▶ What is needed
Given the listing below, write out exactly the lines starting with the line that has "unnamed: C201.1, C202.1, P201.SH (SHIELD)" and going on through the line that has "unnamed: R507.1, U501.12 (PB0)", both kept.

####################

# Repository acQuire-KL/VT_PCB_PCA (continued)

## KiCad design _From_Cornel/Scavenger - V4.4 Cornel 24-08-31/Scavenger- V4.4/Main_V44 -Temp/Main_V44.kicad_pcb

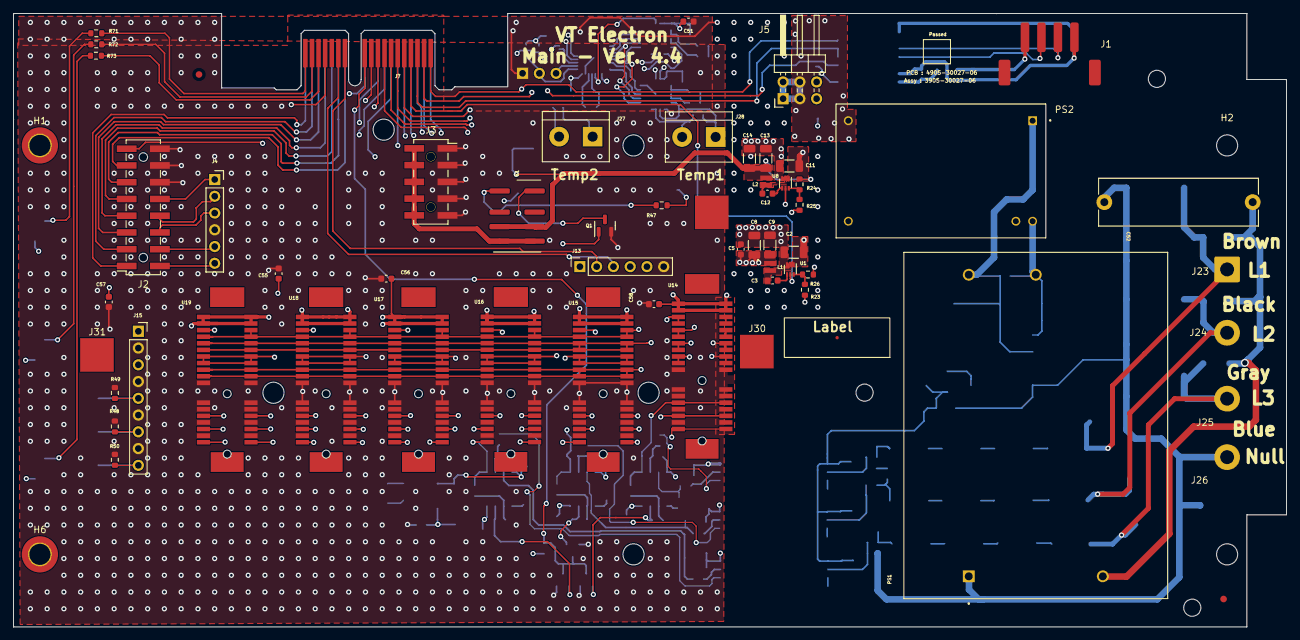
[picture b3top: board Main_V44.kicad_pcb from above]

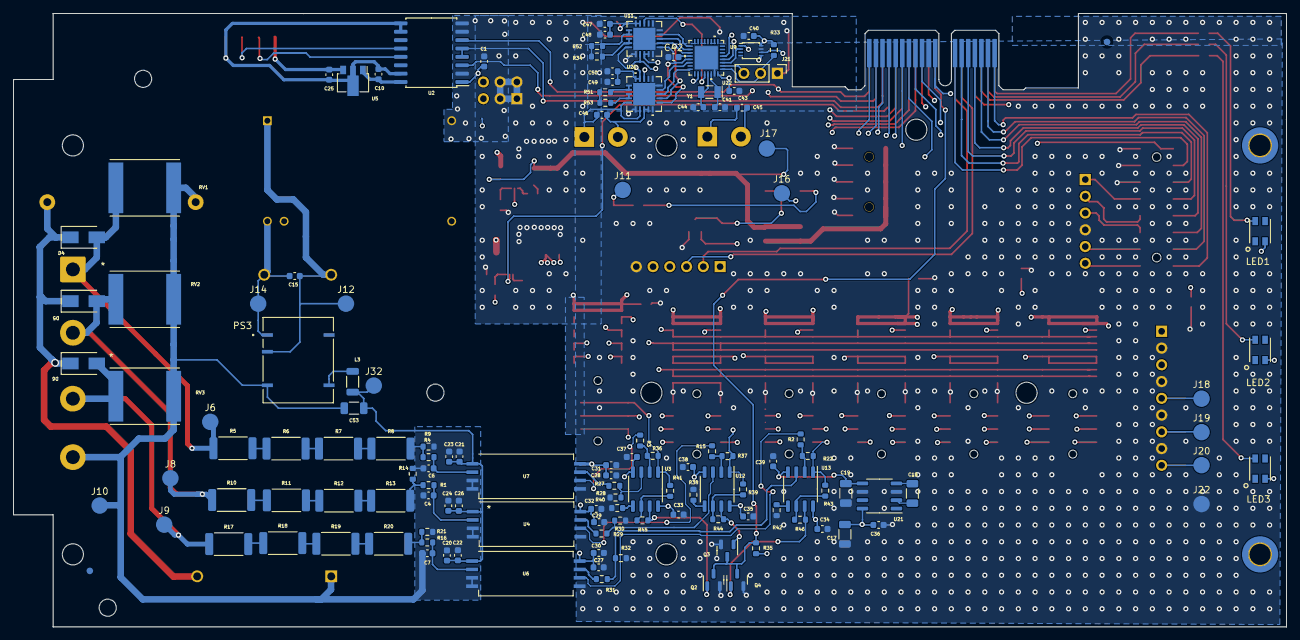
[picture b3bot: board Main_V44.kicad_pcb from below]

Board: 4 copper layers, 193.0 x 93.0 mm, 203 parts (131 on the bottom side), 138 nets.

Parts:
C1, C3, C5, C10, C12, C15, C20, C21, C24, C25, C27, C28, C29, C33, C34, C35, C36, C37, C38, C39, C40, C43, C47, C48, C49, C50, C55, C56, C57, C58: 100n; C_0603_1608Metric
C2, C11, C53: 10uF/16V; C_1206_3216Metric
C4, C6, C7: 1n; C_0603_1608Metric
C8, C9, C13, C14: 22uF/6,3V; C_1206_3216Metric
C17, C18, C19: 10u; C_1206_3216Metric
C22, C23, C26, C30, C31, C32: 1uF; C_0603_1608Metric
C41, C44: 10p; C_0603_1608Metric
C42: 1u; C_0603_1608Metric
C45, C46: 10n; C_0603_1608Metric
C51: 4,7n; C_0603_1608Metric
C52: F862DI224K310ZLH0J; C_Rect_L24.0mm_W7.0mm_P22.50mm_MKT
D4, D5, D6: BYG21M-E3/TR; D_SMA
FID1, FID2, FID3, FID4: Fiducial; Fiducial_1mm_Mask2mm
H1, H6: MountingHole; MountingHole_3.2mm_M3_ISO14580_Pad_TopBottom
H2, H3, H4, H5, H7, H8, H9, H10, H11, H12: MountingHole; MountingHole_3.2mm_M3
J1: Conn_01x04_Male; A2501-SR04-XH4AWB
J2: Conn_02x08_Counter_Clockwise; PinSocket_2x08_P2.54mm_Vertical_SMD_MOD
J3: Conn_02x05_Counter_Clockwise; PinSocket_2x05_P2.54mm_Vertical_SMD
J4, J13: Conn_01x06_Female; PinSocket_1x06_P2.54mm_Vertical
J5: DS1022-2*10RF11x3; PinHeader_2x03_P2.54mm_Horizontal
J6, J8, J9, J10, J11, J12, J14, J16, J17, J18, J19, J20, J22, J32: Conn_01x01_Female; TestPoint_DELTA
J7: Bus_PCI_Express_x1_MOD; BUS_PCIexpress_x1
J15: DS1002-03-1*36131(9); PinSocket_1x09_P2.54mm_Vertical
J21: Conn_01x03_Male; PinHeader_1x03_P2.54mm_Vertical
J23: Conn_01x01_Female; DELTA_SolderWire-1.5sqmm_1x01_D1.7mm_OD3.9mm
J24, J25, J26: Conn_01x01_Female; DELTA_R_SolderWire-1.5sqmm_1x01_D1.7mm_OD3.9mm
J27, J28: Conn_01x02_Female; TerminalBlock_bornier-2_P5.08mm
J29, J30, J31: Conn_01x01_Male; TestPoint_Pad_5.1x5.1mm
K1: FTR-B4GA003Z-B05; Relay_Fujitsu_FTR-B4GA003
L1, L2: 744383130033
L3: CBC3225T220MR; L_1206_3216Metric
LED1, LED2, LED3: CLM2D-GPC-CB0E0793
PS1: RAC15-05SK/480; CONV_RAC15-12SK_480
PS2: THM_10-0511; CONV_THM_10-0511
PS3: NXE2S0505MC-R7; NXE2_SINGLE_SURFACE_MUR
Q1: DTC143T; SOT-23
Q2, Q3, Q4: DTC143E; SOT-23
R1, R4, R16: 10; R_0603_1608Metric
R2, R3, R15, R22, R27, R28, R29, R30, R31, R32, R36, R37, R38, R39, R40, R41, R42, R43, R48, R49, R50: 3k; R_0603_1608Metric
R5, R6, R7, R8, R10, R11, R12, R13, R17, R18, R19, R20: 249k; R_2512_6332Metric
R9, R14, R21: 150; R_0603_1608Metric
R23, R24: 4k7; R_0603_1608Metric
R25: 1k3; R_0603_1608Metric
R26: 1k5; R_0603_1608Metric
R33: 47k; R_0603_1608Metric
R34, R51, R52, R53: 2k 0.1%; R_0603_1608Metric
R35: 1k; R_0603_1608Metric
R44, R45, R46: 15k; R_0603_1608Metric
R47: 47; R_0603_1608Metric
R71, R72, R73: 220; R_0603_1608Metric
RV1, RV2, RV3: MOVS4032V510; MOVS4032V460
TP1: Eticheta
U1, U8: AP62250Z6; SOT-563
U2: ISO3082DW; SOIC-16W_7.5x10.3mm_P1.27mm
U3, U12, U13: LM358; SO-8_3.9x4.9mm_P1.27mm
U4, U6, U7: AMC1400QDWLRQ1
U5: L78L05ACUTR; SOT-89-3
U9: 74LVC2G157; VSSOP-8_2.4x2.1mm_P0.5mm
U11, U20: MAX31865ATP+T; 21-0140L_T2055-5_MXM
U14, U15, U16, U17, U18, U19: 10061913-100CLF
U21: LM2662MX; SO-8_3.9x4.9mm_P1.27mm
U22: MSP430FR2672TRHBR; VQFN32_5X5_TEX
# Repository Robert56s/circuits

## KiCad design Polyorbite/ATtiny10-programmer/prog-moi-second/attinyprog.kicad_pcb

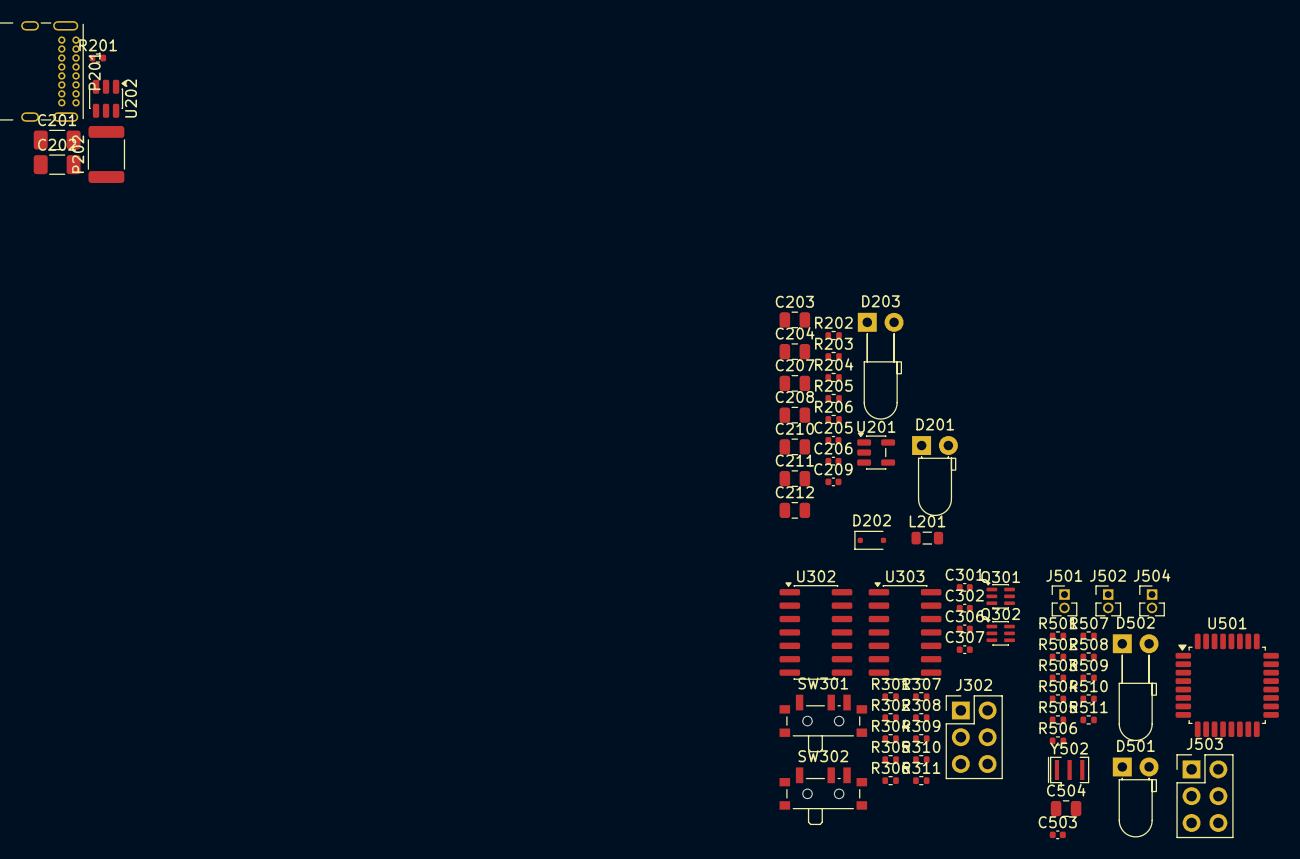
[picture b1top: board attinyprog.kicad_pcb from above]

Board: 2 copper layers, 68 parts (0 on the bottom side), 50 nets, no tracks yet.

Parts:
C201, C202: 1n@1kV; C_1206_3216Metric_Pad1.33x1.80mm_HandSolder
C203, C204, C207, C208, C210, C211, C212, C504: 10u; C_0805_2012Metric
C205, C206, C209, C301, C302, C306, C307, C503: 100n; C_0402_1005Metric
D201, D501: GREEN; LED_D3.0mm_Horizontal_O1.27mm_Z2.0mm
D202: BAT54J; D_SOD-323F
D203: GREEN; LED_D3.0mm_Horizontal_O3.81mm_Z6.0mm
D502: RED; LED_D3.0mm_Horizontal_O3.81mm_Z6.0mm
J302: Conn_02x03_Counter_Clockwise; PinHeader_2x03_P2.54mm_Vertical
J501: SELF PROGRAMMING; PinHeader_1x02_P1.27mm_Vertical
J502: SLOW SCK; PinHeader_1x02_P1.27mm_Vertical
J503: AVR-ISP-6; PinHeader_2x03_P2.54mm_Vertical
J504: UART; PinHeader_1x02_P1.27mm_Vertical
L201: 10u; L_0805_2012Metric
P201: USB_C_Plug_USB2.0; USB_C_Receptacle_GCT_USB4085
P202: 0ZCG0010FF2C; R_1812_4532Metric
Q301, Q302: MMDT2222A; SOT-363_SC-70-6
R201, R205, R206, R305, R307, R309, R311: 5.1k; R_0402_1005Metric
R202, R505, R506, R510, R511: 1k; R_0402_1005Metric
R203, R204, R301, R302, R304, R306, R308, R310, R501: 22k; R_0402_1005Metric
R502, R503, R504, R509: 270; R_0402_1005Metric
R507, R508: 68; R_0402_1005Metric
SW301, SW302: SW_SPDT; SW_SPDT_PCM12
U201: AP3012; SOT-23-5
U202: WE-TVS-82400102; SOT-23-6
U302, U303: CD4066BM; SO-14_3.9x8.65mm_P1.27mm
U501: ATmega88PB-A; TQFP-32_7x7mm_P0.8mm
Y502: 12MHz; Resonator_SMD_Murata_CSTxExxV-3Pin_3.0x1.1mm

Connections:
+5V: C203.1, C204.1, C205.1, C206.1, C210.1, C212.1, C503.1, C504.1, J503.2 (VCC), L201.1, P202.1, R202.1, R306.1, R310.1, R501.1, R505.2, R506.2, R511.1, SW301.2 (B), U201.4 (~SHDN), U201.5 (IN), U501.4 (VCC), U501.18 (AVCC)
+12V: C207.1, C208.1, C209.1, C211.1, C306.1, C307.1, D202.1 (K), R203.1, R206.1, R304.1, R308.1, SW302.1 (A), U302.14 (V_{DD}), U303.14 (V_{DD})
/arduino core/MISO: J503.1 (MISO), U501.16 (PB4)
/arduino core/RX: J504.1, U501.30 (PD0)
/arduino core/SLOW: J502.1, U501.25 (PC2)
/arduino core/TX: J504.2, R509.2
/arduino core/X+: U501.7 (XTAL1/PB6), Y502.1
/arduino core/X-: U501.8 (XTAL2/PB7), Y502.3
/arduino core/~RESET: J501.1, R501.2, U501.29 (~RESET/PC6)
/socket and selectors/ATTINY_{A}_VCC: C302.1, R301.1, R307.1, SW301.1 (A)
/socket and selectors/ATTINY_{B}_PB_{0}: J302.1, U303.2
/socket and selectors/ATTINY_{B}_PB_{1}: J302.3, U303.3
/socket and selectors/ATTINY_{B}_PB_{2}: J302.4, U303.9
/socket and selectors/ATTINY_{B}_VCC: C301.1, J302.5, R302.1, R311.1, SW301.3 (C)
/socket and selectors/ATTINY_{B}_~RESET: J302.6, U303.10
/socket and selectors/SWITCH_{A}: Q301.3 (C2), R304.2, U302.5, U302.6, U302.12, U302.13
/socket and selectors/SWITCH_{B}: Q302.3 (C2), R308.2, U303.5, U303.6, U303.12, U303.13
/socket and selectors/~RESET: SW302.2 (B), U302.11, U303.11
ATTINY_IN_PB_{0}: J503.4 (MOSI), R503.2, U302.1, U303.1
ATTINY_IN_PB_{1}: J503.3 (SCK), R504.2, U302.4, U303.4
ATTINY_IN_PB_{2}: U302.8, U303.8
ATTINY_IN_~RESET: J501.2, J503.5 (~RST), R502.2, SW302.3 (C)
D+: R508.2, U202.6
D-: R507.2, R510.2, U202.4
GND: C201.2, C202.2, C203.2, C204.2, C205.2, C206.2, C207.2, C208.2, C209.2, C210.2, C211.2, C212.2, C301.2, C302.2, C306.2, C307.2, C503.2, C504.2, D201.1 (K), D203.1 (K), J302.2, J502.2, J503.6 (GND), P201.A1 (GND), P201.A12 (GND), P201.B1 (GND), P201.B12 (GND), Q301.1 (E1), Q301.4 (E2), Q302.1 (E1), Q302.4 (E2), R201.2, R205.2, R301.2, R302.2, R305.1, R309.1, U201.2 (GND), U202.2, U302.7 (V_{SS}), U303.7 (V_{SS}), U501.5 (GND), U501.21 (GND), Y502.2
unnamed: D201.2 (A), R202.2
unnamed: D202.2 (A), L201.2, U201.1 (SW)
unnamed: D203.2 (A), R206.2
unnamed: D501.2 (A), R505.1
unnamed: D501.1 (K), U501.23 (PC0)
unnamed: D502.2 (A), R506.1
unnamed: D502.1 (K), U501.24 (PC1)
unnamed: P201.A5 (CC), R201.1
unnamed: P201.A6 (D+), U202.1
unnamed: P201.A7 (D-), U202.3
unnamed: C201.1, C202.1, P201.SH (SHIELD)
unnamed: Q301.2 (B1), R307.2
unnamed: Q301.5 (B2), Q301.6 (C1), R305.2, R306.2
unnamed: Q302.2 (B1), R311.2
unnamed: Q302.5 (B2), Q302.6 (C1), R309.2, R310.2
unnamed: R203.2, R204.1
unnamed: R510.1, R511.2
unnamed: R204.2, R205.1, U201.3 (FB)
unnamed: R507.1, U501.12 (PB0)
unnamed: R508.1, U501.13 (PB1), U501.32 (PD2)
unnamed: R502.1, U501.14 (PB2)
unnamed: R503.1, U501.15 (PB3)
unnamed: R504.1, U501.17 (PB5)
unnamed: R509.1, U501.31 (PD1)
VBUS: P201.A4 (VBUS), P201.A9 (VBUS), P201.B4 (VBUS), P201.B9 (VBUS), P202.2, U202.5

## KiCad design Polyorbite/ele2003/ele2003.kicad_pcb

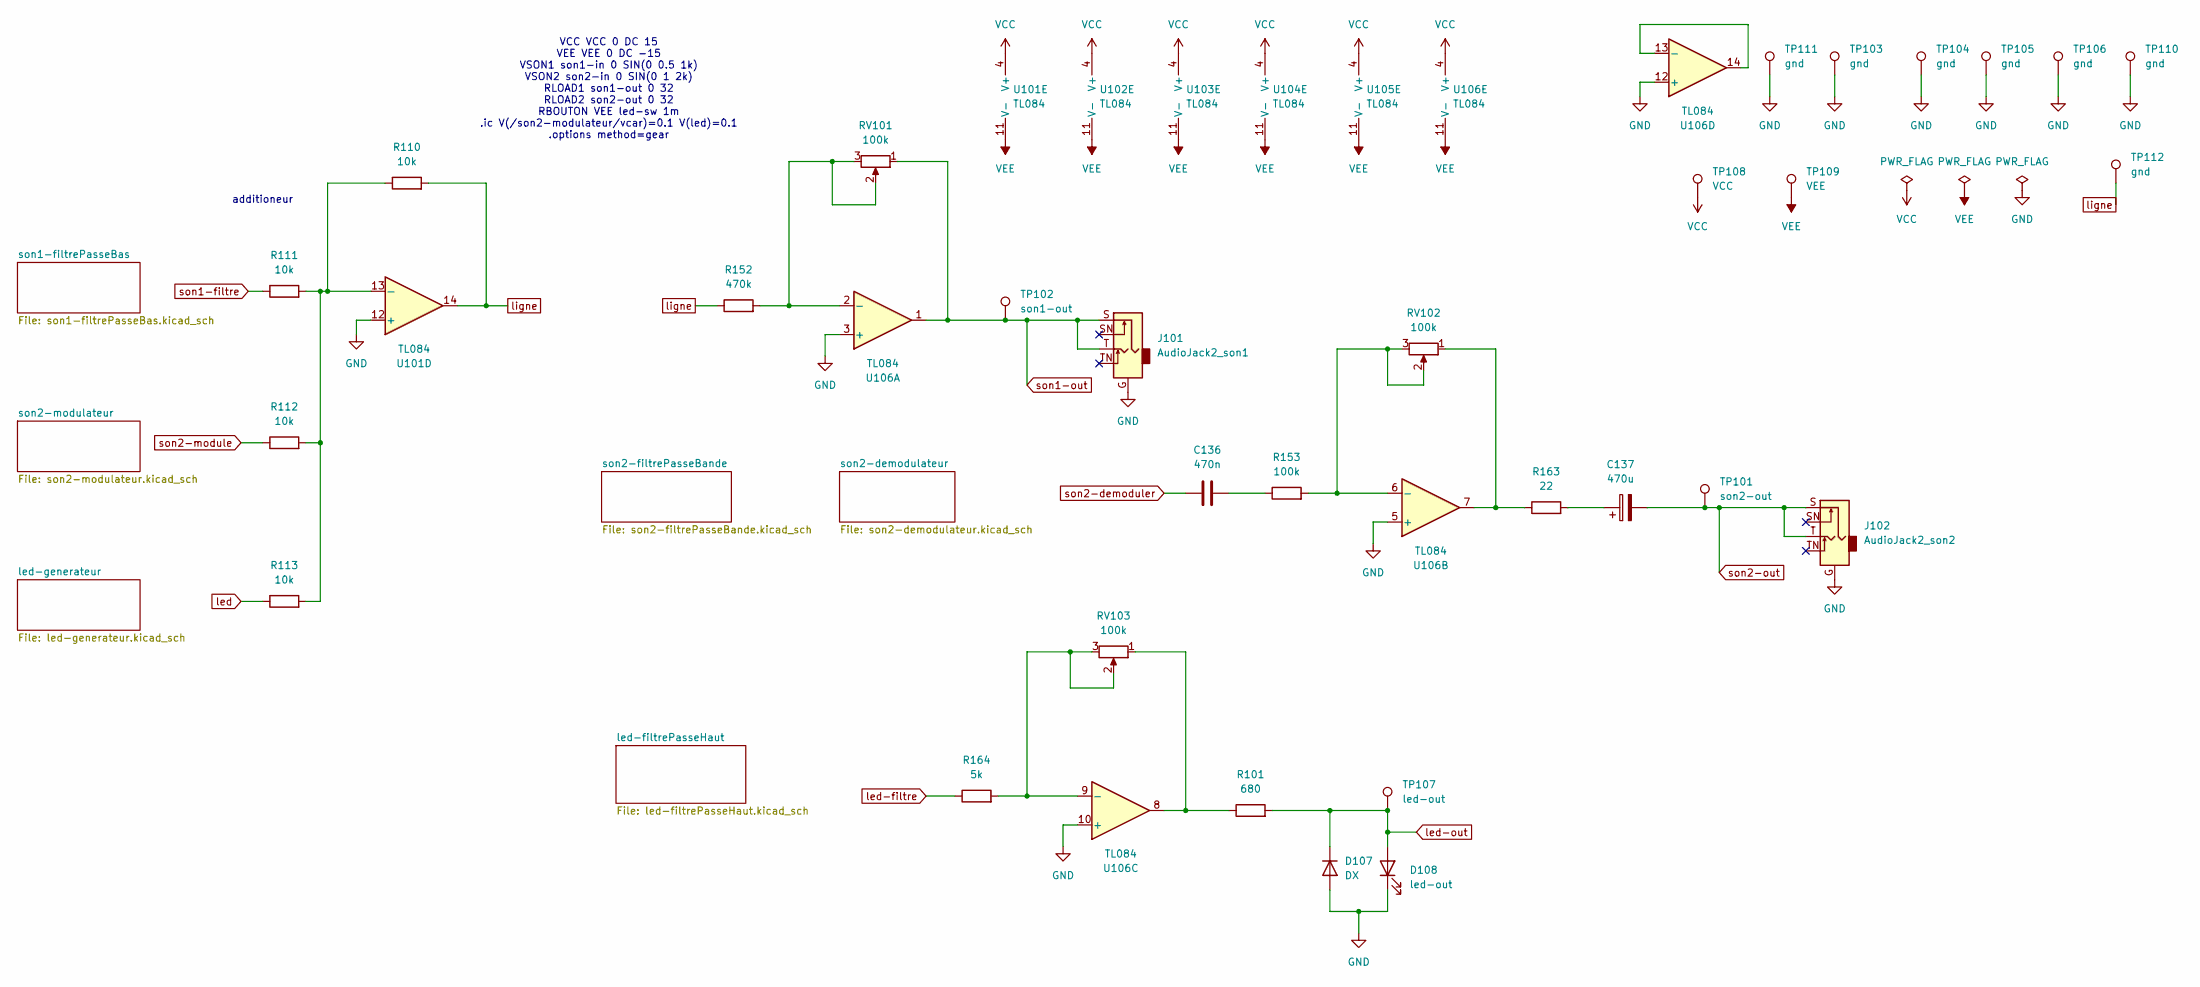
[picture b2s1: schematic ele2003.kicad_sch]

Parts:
C136: 470n; C_Disc_D4.3mm_W1.9mm_P5.00mm
C137: 470u; CP_Radial_D10.0mm_P5.00mm
D107: DX; D_DO-35_SOD27_P7.62mm_Horizontal
D108: led-out; LED_D5.0mm
J101: AudioJack2_son1; Jack_3.5mm_PJ-307_Horizontal
J102: AudioJack2_son2; Jack_3.5mm_PJ-307_Horizontal
R101: 680; R_Axial_DIN0207_L6.3mm_D2.5mm_P7.62mm_Horizontal
R110, R111, R112, R113: 10k; R_Axial_DIN0207_L6.3mm_D2.5mm_P7.62mm_Horizontal
R152: 470k; R_Axial_DIN0207_L6.3mm_D2.5mm_P7.62mm_Horizontal
R153: 100k; R_Axial_DIN0207_L6.3mm_D2.5mm_P7.62mm_Horizontal
R163: 22; R_Axial_DIN0207_L6.3mm_D2.5mm_P7.62mm_Horizontal
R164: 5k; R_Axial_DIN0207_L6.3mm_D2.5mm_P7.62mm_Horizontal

####################

▶ Task solution
unnamed: C201.1, C202.1, P201.SH (SHIELD)
unnamed: Q301.2 (B1), R307.2
unnamed: Q301.5 (B2), Q301.6 (C1), R305.2, R306.2
unnamed: Q302.2 (B1), R311.2
unnamed: Q302.5 (B2), Q302.6 (C1), R309.2, R310.2
unnamed: R203.2, R204.1
unnamed: R510.1, R511.2
unnamed: R204.2, R205.1, U201.3 (FB)
unnamed: R507.1, U501.12 (PB0)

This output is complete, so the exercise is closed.